See client.js for an example of how to use the bindings. Or download the wav example.
To download the pre-built binaries for the deepspeech
command-line (compiled C++) client, use util/taskcluster.py
:
python3 util/taskcluster.py --target .
or if you're on macOS:
python3 util/taskcluster.py --arch osx --target .
also, if you need some binaries different than current master, like v0.2.0-alpha.6
, you can use --branch
:
python3 util/taskcluster.py --branch "v0.2.0-alpha.6" --target "."
The script taskcluster.py
will download native_client.tar.xz
(which includes the deepspeech
binary, generate_trie
and associated libraries) and extract it into the current folder. Also, taskcluster.py
will download binaries for Linux/x86_64 by default, but you can override that behavior with the --arch
parameter. See the help info with python util/taskcluster.py -h
for more details. Specific branches of DeepSpeech or TensorFlow can be specified as well.

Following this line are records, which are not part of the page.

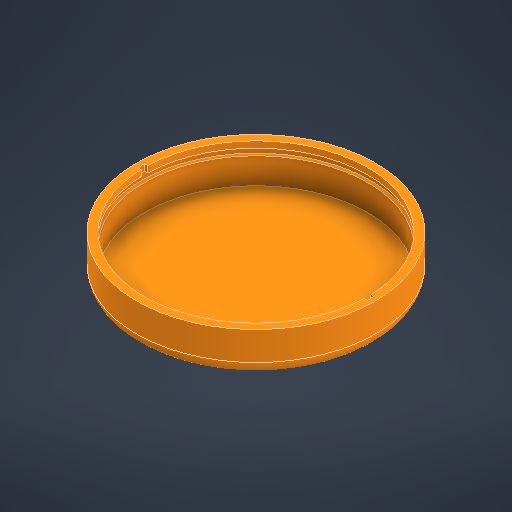
# Autodesk Inventor part: Poklop
Saved by Autodesk Inventor 2026.1 (Build 301233000, 233)
## iProperties
Created: 2025-10-01
Part Number: Poklop
Material: Všeobecné
Document SubType Name: Modeling
Designer: cerna
Density: 1 g/cm^3
Appearance: Oranžová
Author: cerna
Autodesk Inventor part; units mm, degrees
ref_plane "YZ Plane" through (0, 0, 0) normal (1, 0, 0) x (0, 1, 0)
ref_plane "XZ Plane" through (0, 0, 0) normal (0, 1, 0) x (-1, 0, 0)
sketch "Náčrt1" plane through (0, 0, 0) normal (0, 1, 0) x (-1, 0, 0)
  circle A0 centre (0, 0) radius 92
  dimension "d0" = 184
  constraints: 1 centre point, 1 coincident
  measures "d0" diameter of A0
extrude "Vysunutí1" add sketch "Náčrt1" along normal blind 2
sketch "Náčrt2" plane through (0, 2, 0) normal (0, 1, 0) x (1, 0, 0)
  circle A0 centre (0, 0) radius 86
  circle A1 centre (0, 0) radius 92
  dimension "d3" = 184
  dimension "d8" = 172
  constraints: 2 centre point, 2 coincident
  measures "d3" diameter of A1
  measures "d8" diameter of A0
extrude "Vysunutí2" add sketch "Náčrt2" along normal blind 30
ref_plane "Pracovní rovina1" through (0, 22, 0) normal (0, 1, 0) x (1, 0, 0)
sketch "Náčrt3" plane through (0, 22, 0) normal (0, 1, 0) x (1, 0, 0)
  circle A0 centre (0, 0) radius 88.5
  dimension "d7" = 177
  constraints: 1 centre point, 1 coincident
  measures "d7" diameter of A0
extrude "Vysunutí3" cut sketch "Náčrt3" along normal blind 5.1
sketch "Náčrt4" plane through (0, 32, 0) normal (0, 1, 0) x (1, 0, 0)
  circle A0 centre (0, 0) radius 88.5 projected
  line L0 (-88.4633, 2.55) -> (-84.4633, 2.55)
  line L1 (-84.4633, 2.55) -> (-84.4633, -2.55)
  line L2 (-84.4633, -2.55) -> (-88.4633, -2.55)
  line L3 (-88.4633, -2.55) -> (-88.4633, 2.55)
  line L4 (0, 128.8) -> (0, -128.8) projected
  line L5 (128.8, 0) -> (-128.8, 0) projected
  line L6 (84.4633, 2.55) -> (88.4633, 2.55)
  line L7 (88.4633, 2.55) -> (88.4633, -2.55)
  line L8 (88.4633, -2.55) -> (84.4633, -2.55)
  line L9 (84.4633, -2.55) -> (84.4633, 2.55)
  dimension "d11" = 4
  dimension "d12" = 5.1
  dimension "d15" = 360
  constraints: 16 end point, 3 parallel, 1 horizontal, 1 perpendicular, 20 other
  measures "d11" distance of L1.end L2.end
  measures "d12" distance of L0.end L1.end
extrude "Vysunutí4" cut sketch "Náčrt4" against normal blind 5.1 contours L7 L5 L9 L6 | L8 L9 L5 L7 | L0 L1 L5 L3 | L3 L5 L1 L2
fillet "Zaoblení1" radius 10 1 edges at (92, 0, 0)

Note: the following command assumes you downloaded the pre-trained model.
./deepspeech --model models/output_graph.pbmm --alphabet models/alphabet.txt --lm models/lm.binary --trie models/trie --audio audio_input.wav
See the help output with ./deepspeech -h
and the native client README for more details.
If pre-built binaries aren't available for your system, you'll need to install them from scratch. Follow these ``native_client` installation instructions <native_client/README.md>`_.
In addition to the bindings above, third party developers have started to provide bindings to other languages:
- Asticode provides Golang bindings in its go-astideepspeech repo.
- RustAudio provide a Rust binding, the installation and use of which is described in their deepspeech-rs repo.
- stes provides preliminary PKGBUILDs to install the client and python bindings on Arch Linux in the arch-deepspeech repo.
- gst-deepspeech provides a GStreamer plugin which can be used from any language with GStreamer bindings.